▶ _Required work_
Starting at the line with "#133=ORIENTED_EDGE('',*,*,#132,.T.);" and going on through the line with "#147=CIRCLE('',#146,4.25000000000127);", reproduce each line in the records below exactly and nothing more.

BEGIN Exercise materials

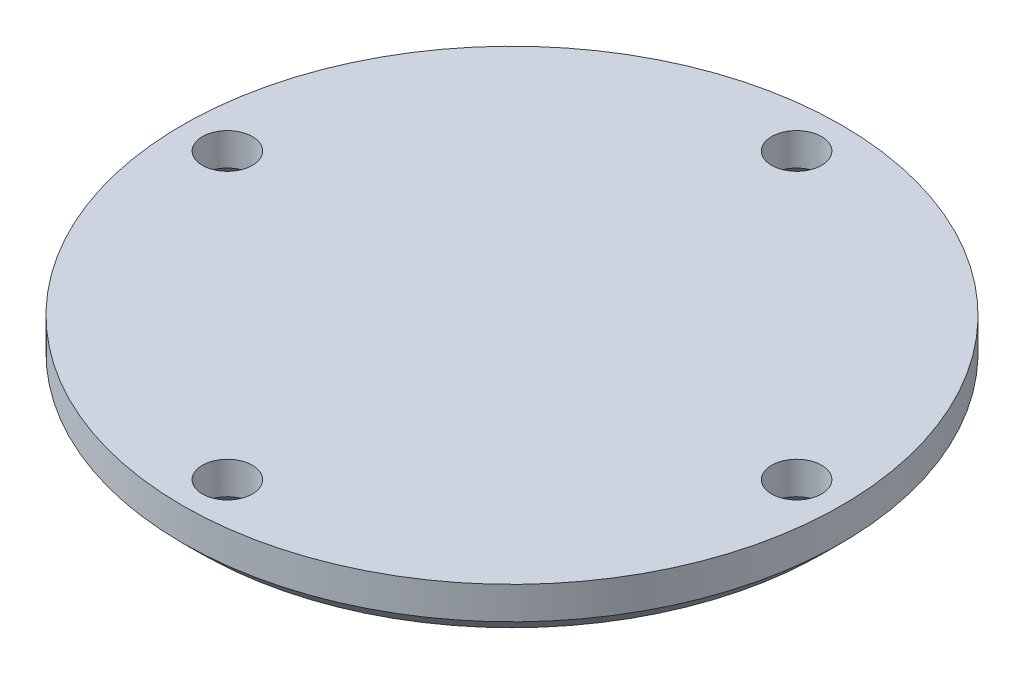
ISO-10303-21;
HEADER;
FILE_DESCRIPTION(('STEP AP214'),'2;1');
FILE_NAME('part.step','',(''),(''),'','','');
FILE_SCHEMA(('AUTOMOTIVE_DESIGN { 1 0 10303 214 1 1 1 1 }'));
ENDSEC;
DATA;
#1=APPLICATION_CONTEXT('core data for automotive mechanical design processes');
#2=APPLICATION_PROTOCOL_DEFINITION('international standard','automotive_design',2000,#1);
#3=PRODUCT_CONTEXT('',#1,'mechanical');
#4=PRODUCT('Part','Part','',(#3));
#5=PRODUCT_RELATED_PRODUCT_CATEGORY('part','',(#4));
#6=PRODUCT_DEFINITION_FORMATION('','',#4);
#7=PRODUCT_DEFINITION_CONTEXT('part definition',#1,'design');
#8=PRODUCT_DEFINITION('design','',#6,#7);
#9=PRODUCT_DEFINITION_SHAPE('','',#8);
#10=(LENGTH_UNIT() NAMED_UNIT(*) SI_UNIT(.MILLI.,.METRE.));
#11=(NAMED_UNIT(*) PLANE_ANGLE_UNIT() SI_UNIT($,.RADIAN.));
#12=(NAMED_UNIT(*) SI_UNIT($,.STERADIAN.) SOLID_ANGLE_UNIT());
#13=UNCERTAINTY_MEASURE_WITH_UNIT(LENGTH_MEASURE(1.E-05),#10,'distance_accuracy_value','');
#14=(GEOMETRIC_REPRESENTATION_CONTEXT(3) GLOBAL_UNCERTAINTY_ASSIGNED_CONTEXT((#13)) GLOBAL_UNIT_ASSIGNED_CONTEXT((#10,
#11,#12)) REPRESENTATION_CONTEXT('',''));
#15=CARTESIAN_POINT('',(0.,0.,0.));
#16=DIRECTION('',(0.,0.,1.));
#17=DIRECTION('',(1.,0.,0.));
#18=AXIS2_PLACEMENT_3D('',#15,#16,#17);
#19=CARTESIAN_POINT('',(0.,5.,0.));
#20=DIRECTION('',(0.,-1.,0.));
#21=DIRECTION('',(0.,0.,-1.));
#22=AXIS2_PLACEMENT_3D('',#19,#20,#21);
#23=CYLINDRICAL_SURFACE('',#22,33.);
#24=CARTESIAN_POINT('',(0.,1.75000000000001,0.));
#25=DIRECTION('',(0.,1.,0.));
#26=DIRECTION('',(0.,0.,1.));
#27=AXIS2_PLACEMENT_3D('',#24,#25,#26);
#28=CIRCLE('',#27,33.);
#29=CARTESIAN_POINT('',(0.,1.75000000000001,33.));
#30=VERTEX_POINT('',#29);
#31=EDGE_CURVE('E114',#30,#30,#28,.T.);
#32=ORIENTED_EDGE('',*,*,#31,.T.);
#33=EDGE_LOOP('',(#32));
#34=FACE_BOUND('',#33,.T.);
#35=CARTESIAN_POINT('',(0.,5.,0.));
#36=DIRECTION('',(0.,1.,0.));
#37=DIRECTION('',(0.,0.,1.));
#38=AXIS2_PLACEMENT_3D('',#35,#36,#37);
#39=CIRCLE('',#38,33.);
#40=CARTESIAN_POINT('',(0.,5.,33.));
#41=VERTEX_POINT('',#40);
#42=EDGE_CURVE('E118',#41,#41,#39,.T.);
#43=ORIENTED_EDGE('',*,*,#42,.F.);
#44=EDGE_LOOP('',(#43));
#45=FACE_BOUND('',#44,.T.);
#46=ADVANCED_FACE('F43',(#34,#45),#23,.T.);
#47=CARTESIAN_POINT('',(0.,5.,0.));
#48=DIRECTION('',(0.,1.,0.));
#49=DIRECTION('',(0.,0.,1.));
#50=AXIS2_PLACEMENT_3D('',#47,#48,#49);
#51=PLANE('',#50);
#52=CARTESIAN_POINT('',(0.,5.,-28.5));
#53=DIRECTION('',(0.,1.,0.));
#54=DIRECTION('',(0.,0.,1.));
#55=AXIS2_PLACEMENT_3D('',#52,#53,#54);
#56=CIRCLE('',#55,2.5);
#57=CARTESIAN_POINT('',(0.,5.,-26.));
#58=VERTEX_POINT('',#57);
#59=EDGE_CURVE('E265',#58,#58,#56,.T.);
#60=ORIENTED_EDGE('',*,*,#59,.F.);
#61=EDGE_LOOP('',(#60));
#62=FACE_BOUND('',#61,.T.);
#63=CARTESIAN_POINT('',(28.5000000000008,5.,-8.04783353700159E-13));
#64=DIRECTION('',(0.,1.,0.));
#65=DIRECTION('',(0.,0.,1.));
#66=AXIS2_PLACEMENT_3D('',#63,#64,#65);
#67=CIRCLE('',#66,2.50000000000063);
#68=CARTESIAN_POINT('',(28.5000000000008,5.,2.49999999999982));
#69=VERTEX_POINT('',#68);
#70=EDGE_CURVE('E267',#69,#69,#67,.T.);
#71=ORIENTED_EDGE('',*,*,#70,.F.);
#72=EDGE_LOOP('',(#71));
#73=FACE_BOUND('',#72,.T.);
#74=CARTESIAN_POINT('',(1.60956670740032E-12,5.,28.5));
#75=DIRECTION('',(0.,1.,0.));
#76=DIRECTION('',(0.,0.,1.));
#77=AXIS2_PLACEMENT_3D('',#74,#75,#76);
#78=CIRCLE('',#77,2.50000000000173);
#79=CARTESIAN_POINT('',(1.60956670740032E-12,5.,31.0000000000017));
#80=VERTEX_POINT('',#79);
#81=EDGE_CURVE('E273',#80,#80,#78,.T.);
#82=ORIENTED_EDGE('',*,*,#81,.F.);
#83=EDGE_LOOP('',(#82));
#84=FACE_BOUND('',#83,.T.);
#85=CARTESIAN_POINT('',(-28.4999999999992,5.,8.08273597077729E-13));
#86=DIRECTION('',(0.,1.,0.));
#87=DIRECTION('',(0.,0.,1.));
#88=AXIS2_PLACEMENT_3D('',#85,#86,#87);
#89=CIRCLE('',#88,2.50000000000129);
#90=CARTESIAN_POINT('',(-28.4999999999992,5.,2.5000000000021));
#91=VERTEX_POINT('',#90);
#92=EDGE_CURVE('E214',#91,#91,#89,.T.);
#93=ORIENTED_EDGE('',*,*,#92,.F.);
#94=EDGE_LOOP('',(#93));
#95=FACE_BOUND('',#94,.T.);
#96=ORIENTED_EDGE('',*,*,#42,.T.);
#97=EDGE_LOOP('',(#96));
#98=FACE_BOUND('',#97,.T.);
#99=ADVANCED_FACE('F234',(#62,#73,#84,#95,#98),#51,.T.);
#100=CARTESIAN_POINT('',(0.,0.,0.));
#101=DIRECTION('',(0.,1.,0.));
#102=DIRECTION('',(0.,0.,1.));
#103=AXIS2_PLACEMENT_3D('',#100,#101,#102);
#104=PLANE('',#103);
#105=CARTESIAN_POINT('',(28.5000000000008,0.,-8.04783353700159E-13));
#106=DIRECTION('',(0.,1.,0.));
#107=DIRECTION('',(0.,0.,1.));
#108=AXIS2_PLACEMENT_3D('',#105,#106,#107);
#109=CIRCLE('',#108,4.25000000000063);
#110=CARTESIAN_POINT('',(28.5000000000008,0.,4.24999999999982));
#111=VERTEX_POINT('',#110);
#112=CARTESIAN_POINT('',(31.0657894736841,0.,3.38810040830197));
#113=VERTEX_POINT('',#112);
#114=EDGE_CURVE('E72',#111,#113,#109,.T.);
#115=ORIENTED_EDGE('',*,*,#114,.T.);
#116=CARTESIAN_POINT('',(0.,0.,0.));
#117=DIRECTION('',(0.,1.,0.));
#118=DIRECTION('',(0.,0.,1.));
#119=AXIS2_PLACEMENT_3D('',#116,#117,#118);
#120=CIRCLE('',#119,31.25);
#121=CARTESIAN_POINT('',(3.38810040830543,0.,31.0657894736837));
#122=VERTEX_POINT('',#121);
#123=EDGE_CURVE('E67',#113,#122,#120,.F.);
#124=ORIENTED_EDGE('',*,*,#123,.T.);
#125=CARTESIAN_POINT('',(1.60956670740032E-12,0.,28.5));
#126=DIRECTION('',(0.,1.,0.));
#127=DIRECTION('',(0.,0.,1.));
#128=AXIS2_PLACEMENT_3D('',#125,#126,#127);
#129=CIRCLE('',#128,4.25000000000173);
#130=CARTESIAN_POINT('',(-3.38810040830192,0.,31.0657894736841));
#131=VERTEX_POINT('',#130);
#132=EDGE_CURVE('E141',#122,#131,#129,.T.);
#133=ORIENTED_EDGE('',*,*,#132,.T.);
#134=CARTESIAN_POINT('',(0.,0.,0.));
#135=DIRECTION('',(0.,1.,0.));
#136=DIRECTION('',(0.,0.,1.));
#137=AXIS2_PLACEMENT_3D('',#134,#135,#136);
#138=CIRCLE('',#137,31.25);
#139=CARTESIAN_POINT('',(-31.065789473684,0.,3.38810040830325));
#140=VERTEX_POINT('',#139);
#141=EDGE_CURVE('E136',#131,#140,#138,.F.);
#142=ORIENTED_EDGE('',*,*,#141,.T.);
#143=CARTESIAN_POINT('',(-28.4999999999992,0.,8.08273597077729E-13));
#144=DIRECTION('',(0.,1.,0.));
#145=DIRECTION('',(0.,0.,1.));
#146=AXIS2_PLACEMENT_3D('',#143,#144,#145);
#147=CIRCLE('',#146,4.25000000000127);
#148=CARTESIAN_POINT('',(-28.4999999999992,0.,4.25000000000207));
#149=VERTEX_POINT('',#148);
#150=EDGE_CURVE('E133',#140,#149,#147,.T.);
#151=ORIENTED_EDGE('',*,*,#150,.T.);
#152=CARTESIAN_POINT('',(-28.4999999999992,0.,8.08273597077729E-13));
#153=DIRECTION('',(0.,1.,0.));
#154=DIRECTION('',(0.,0.,1.));
#155=AXIS2_PLACEMENT_3D('',#152,#153,#154);
#156=CIRCLE('',#155,4.25000000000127);
#157=CARTESIAN_POINT('',(-31.0657894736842,0.,-3.38810040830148));
#158=VERTEX_POINT('',#157);
#159=EDGE_CURVE('E130',#149,#158,#156,.T.);
#160=ORIENTED_EDGE('',*,*,#159,.T.);
#161=CARTESIAN_POINT('',(0.,0.,0.));
#162=DIRECTION('',(0.,1.,0.));
#163=DIRECTION('',(0.,0.,1.));
#164=AXIS2_PLACEMENT_3D('',#161,#162,#163);
#165=CIRCLE('',#164,31.25);
#166=CARTESIAN_POINT('',(-3.38810040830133,0.,-31.0657894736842));
#167=VERTEX_POINT('',#166);
#168=EDGE_CURVE('E106',#158,#167,#165,.F.);
#169=ORIENTED_EDGE('',*,*,#168,.T.);
#170=CARTESIAN_POINT('',(0.,0.,-28.5));
#171=DIRECTION('',(0.,1.,0.));
#172=DIRECTION('',(0.,0.,1.));
#173=AXIS2_PLACEMENT_3D('',#170,#171,#172);
#174=CIRCLE('',#173,4.25000000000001);
#175=CARTESIAN_POINT('',(0.,0.,-24.25));
#176=VERTEX_POINT('',#175);
#177=EDGE_CURVE('E99',#167,#176,#174,.T.);
#178=ORIENTED_EDGE('',*,*,#177,.T.);
#179=CARTESIAN_POINT('',(0.,0.,-28.5));
#180=DIRECTION('',(0.,1.,0.));
#181=DIRECTION('',(0.,0.,1.));
#182=AXIS2_PLACEMENT_3D('',#179,#180,#181);
#183=CIRCLE('',#182,4.25000000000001);
#184=CARTESIAN_POINT('',(3.38810040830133,0.,-31.0657894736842));
#185=VERTEX_POINT('',#184);
#186=EDGE_CURVE('E103',#176,#185,#183,.T.);
#187=ORIENTED_EDGE('',*,*,#186,.T.);
#188=CARTESIAN_POINT('',(0.,0.,0.));
#189=DIRECTION('',(0.,1.,0.));
#190=DIRECTION('',(0.,0.,1.));
#191=AXIS2_PLACEMENT_3D('',#188,#189,#190);
#192=CIRCLE('',#191,31.25);
#193=CARTESIAN_POINT('',(31.0657894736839,0.,-3.38810040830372));
#194=VERTEX_POINT('',#193);
#195=EDGE_CURVE('E124',#185,#194,#192,.F.);
#196=ORIENTED_EDGE('',*,*,#195,.T.);
#197=CARTESIAN_POINT('',(28.5000000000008,0.,-8.04783353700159E-13));
#198=DIRECTION('',(0.,1.,0.));
#199=DIRECTION('',(0.,0.,1.));
#200=AXIS2_PLACEMENT_3D('',#197,#198,#199);
#201=CIRCLE('',#200,4.25000000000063);
#202=EDGE_CURVE('E127',#194,#111,#201,.T.);
#203=ORIENTED_EDGE('',*,*,#202,.T.);
#204=EDGE_LOOP('',(#115,#124,#133,#142,#151,#160,#169,#178,#187,#196,#203));
#205=FACE_BOUND('',#204,.T.);
#206=ADVANCED_FACE('F101',(#205),#104,.F.);
#207=CARTESIAN_POINT('',(-28.4999999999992,0.,8.08273597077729E-13));
#208=DIRECTION('',(0.,1.,0.));
#209=DIRECTION('',(0.,0.,1.));
#210=AXIS2_PLACEMENT_3D('',#207,#208,#209);
#211=CYLINDRICAL_SURFACE('',#210,2.50000000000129);
#212=CARTESIAN_POINT('',(-28.4999999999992,1.74999999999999,8.08273597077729E-13));
#213=DIRECTION('',(0.,1.,0.));
#214=DIRECTION('',(0.,0.,1.));
#215=AXIS2_PLACEMENT_3D('',#212,#213,#214);
#216=CIRCLE('',#215,2.50000000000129);
#217=CARTESIAN_POINT('',(-28.4999999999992,1.74999999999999,2.5000000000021));
#218=VERTEX_POINT('',#217);
#219=EDGE_CURVE('E146',#218,#218,#216,.F.);
#220=ORIENTED_EDGE('',*,*,#219,.T.);
#221=EDGE_LOOP('',(#220));
#222=FACE_BOUND('',#221,.T.);
#223=ORIENTED_EDGE('',*,*,#92,.T.);
#224=EDGE_LOOP('',(#223));
#225=FACE_BOUND('',#224,.T.);
#226=ADVANCED_FACE('F244',(#222,#225),#211,.F.);
#227=CARTESIAN_POINT('',(1.60956670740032E-12,0.,28.5));
#228=DIRECTION('',(0.,1.,0.));
#229=DIRECTION('',(0.,0.,1.));
#230=AXIS2_PLACEMENT_3D('',#227,#228,#229);
#231=CYLINDRICAL_SURFACE('',#230,2.50000000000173);
#232=CARTESIAN_POINT('',(1.60956670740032E-12,1.75000000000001,28.5));
#233=DIRECTION('',(0.,1.,0.));
#234=DIRECTION('',(0.,0.,1.));
#235=AXIS2_PLACEMENT_3D('',#232,#233,#234);
#236=CIRCLE('',#235,2.50000000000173);
#237=CARTESIAN_POINT('',(1.60956670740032E-12,1.75000000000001,31.0000000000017));
#238=VERTEX_POINT('',#237);
#239=EDGE_CURVE('E150',#238,#238,#236,.F.);
#240=ORIENTED_EDGE('',*,*,#239,.T.);
#241=EDGE_LOOP('',(#240));
#242=FACE_BOUND('',#241,.T.);
#243=ORIENTED_EDGE('',*,*,#81,.T.);
#244=EDGE_LOOP('',(#243));
#245=FACE_BOUND('',#244,.T.);
#246=ADVANCED_FACE('F248',(#242,#245),#231,.F.);
#247=CARTESIAN_POINT('',(28.5000000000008,0.,-8.04783353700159E-13));
#248=DIRECTION('',(0.,1.,0.));
#249=DIRECTION('',(0.,0.,1.));
#250=AXIS2_PLACEMENT_3D('',#247,#248,#249);
#251=CYLINDRICAL_SURFACE('',#250,2.50000000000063);
#252=CARTESIAN_POINT('',(28.5000000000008,1.75,-8.04783353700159E-13));
#253=DIRECTION('',(0.,1.,0.));
#254=DIRECTION('',(0.,0.,1.));
#255=AXIS2_PLACEMENT_3D('',#252,#253,#254);
#256=CIRCLE('',#255,2.50000000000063);
#257=CARTESIAN_POINT('',(28.5000000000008,1.75,2.49999999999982));
#258=VERTEX_POINT('',#257);
#259=EDGE_CURVE('E59',#258,#258,#256,.F.);
#260=ORIENTED_EDGE('',*,*,#259,.T.);
#261=EDGE_LOOP('',(#260));
#262=FACE_BOUND('',#261,.T.);
#263=ORIENTED_EDGE('',*,*,#70,.T.);
#264=EDGE_LOOP('',(#263));
#265=FACE_BOUND('',#264,.T.);
#266=ADVANCED_FACE('F252',(#262,#265),#251,.F.);
#267=CARTESIAN_POINT('',(0.,0.,-28.5));
#268=DIRECTION('',(0.,1.,0.));
#269=DIRECTION('',(0.,0.,1.));
#270=AXIS2_PLACEMENT_3D('',#267,#268,#269);
#271=CYLINDRICAL_SURFACE('',#270,2.5);
#272=CARTESIAN_POINT('',(0.,1.75000000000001,-28.5));
#273=DIRECTION('',(0.,1.,0.));
#274=DIRECTION('',(0.,0.,1.));
#275=AXIS2_PLACEMENT_3D('',#272,#273,#274);
#276=CIRCLE('',#275,2.5);
#277=CARTESIAN_POINT('',(0.,1.75000000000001,-26.));
#278=VERTEX_POINT('',#277);
#279=EDGE_CURVE('E11',#278,#278,#276,.F.);
#280=ORIENTED_EDGE('',*,*,#279,.T.);
#281=EDGE_LOOP('',(#280));
#282=FACE_BOUND('',#281,.T.);
#283=ORIENTED_EDGE('',*,*,#59,.T.);
#284=EDGE_LOOP('',(#283));
#285=FACE_BOUND('',#284,.T.);
#286=ADVANCED_FACE('F230',(#282,#285),#271,.F.);
#287=CARTESIAN_POINT('',(0.,0.,-28.5));
#288=DIRECTION('',(0.,-1.,0.));
#289=DIRECTION('',(0.,0.,-1.));
#290=AXIS2_PLACEMENT_3D('',#287,#288,#289);
#291=CONICAL_SURFACE('',#290,4.25000000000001,0.785398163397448);
#292=ORIENTED_EDGE('',*,*,#279,.F.);
#293=EDGE_LOOP('',(#292));
#294=FACE_BOUND('',#293,.T.);
#295=ORIENTED_EDGE('',*,*,#186,.F.);
#296=ORIENTED_EDGE('',*,*,#177,.F.);
#297=CARTESIAN_POINT('',(3.38853991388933,-0.0002,-31.0655403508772));
#298=CARTESIAN_POINT('',(3.22973589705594,0.0720753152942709,-31.1555674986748));
#299=CARTESIAN_POINT('',(3.0664884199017,0.140700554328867,-31.2410480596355));
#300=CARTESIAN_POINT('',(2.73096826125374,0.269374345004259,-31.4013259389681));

END Exercise materials

▶ _Completed exercise_
#133=ORIENTED_EDGE('',*,*,#132,.T.);
#134=CARTESIAN_POINT('',(0.,0.,0.));
#135=DIRECTION('',(0.,1.,0.));
#136=DIRECTION('',(0.,0.,1.));
#137=AXIS2_PLACEMENT_3D('',#134,#135,#136);
#138=CIRCLE('',#137,31.25);
#139=CARTESIAN_POINT('',(-31.065789473684,0.,3.38810040830325));
#140=VERTEX_POINT('',#139);
#141=EDGE_CURVE('E136',#131,#140,#138,.F.);
#142=ORIENTED_EDGE('',*,*,#141,.T.);
#143=CARTESIAN_POINT('',(-28.4999999999992,0.,8.08273597077729E-13));
#144=DIRECTION('',(0.,1.,0.));
#145=DIRECTION('',(0.,0.,1.));
#146=AXIS2_PLACEMENT_3D('',#143,#144,#145);
#147=CIRCLE('',#146,4.25000000000127);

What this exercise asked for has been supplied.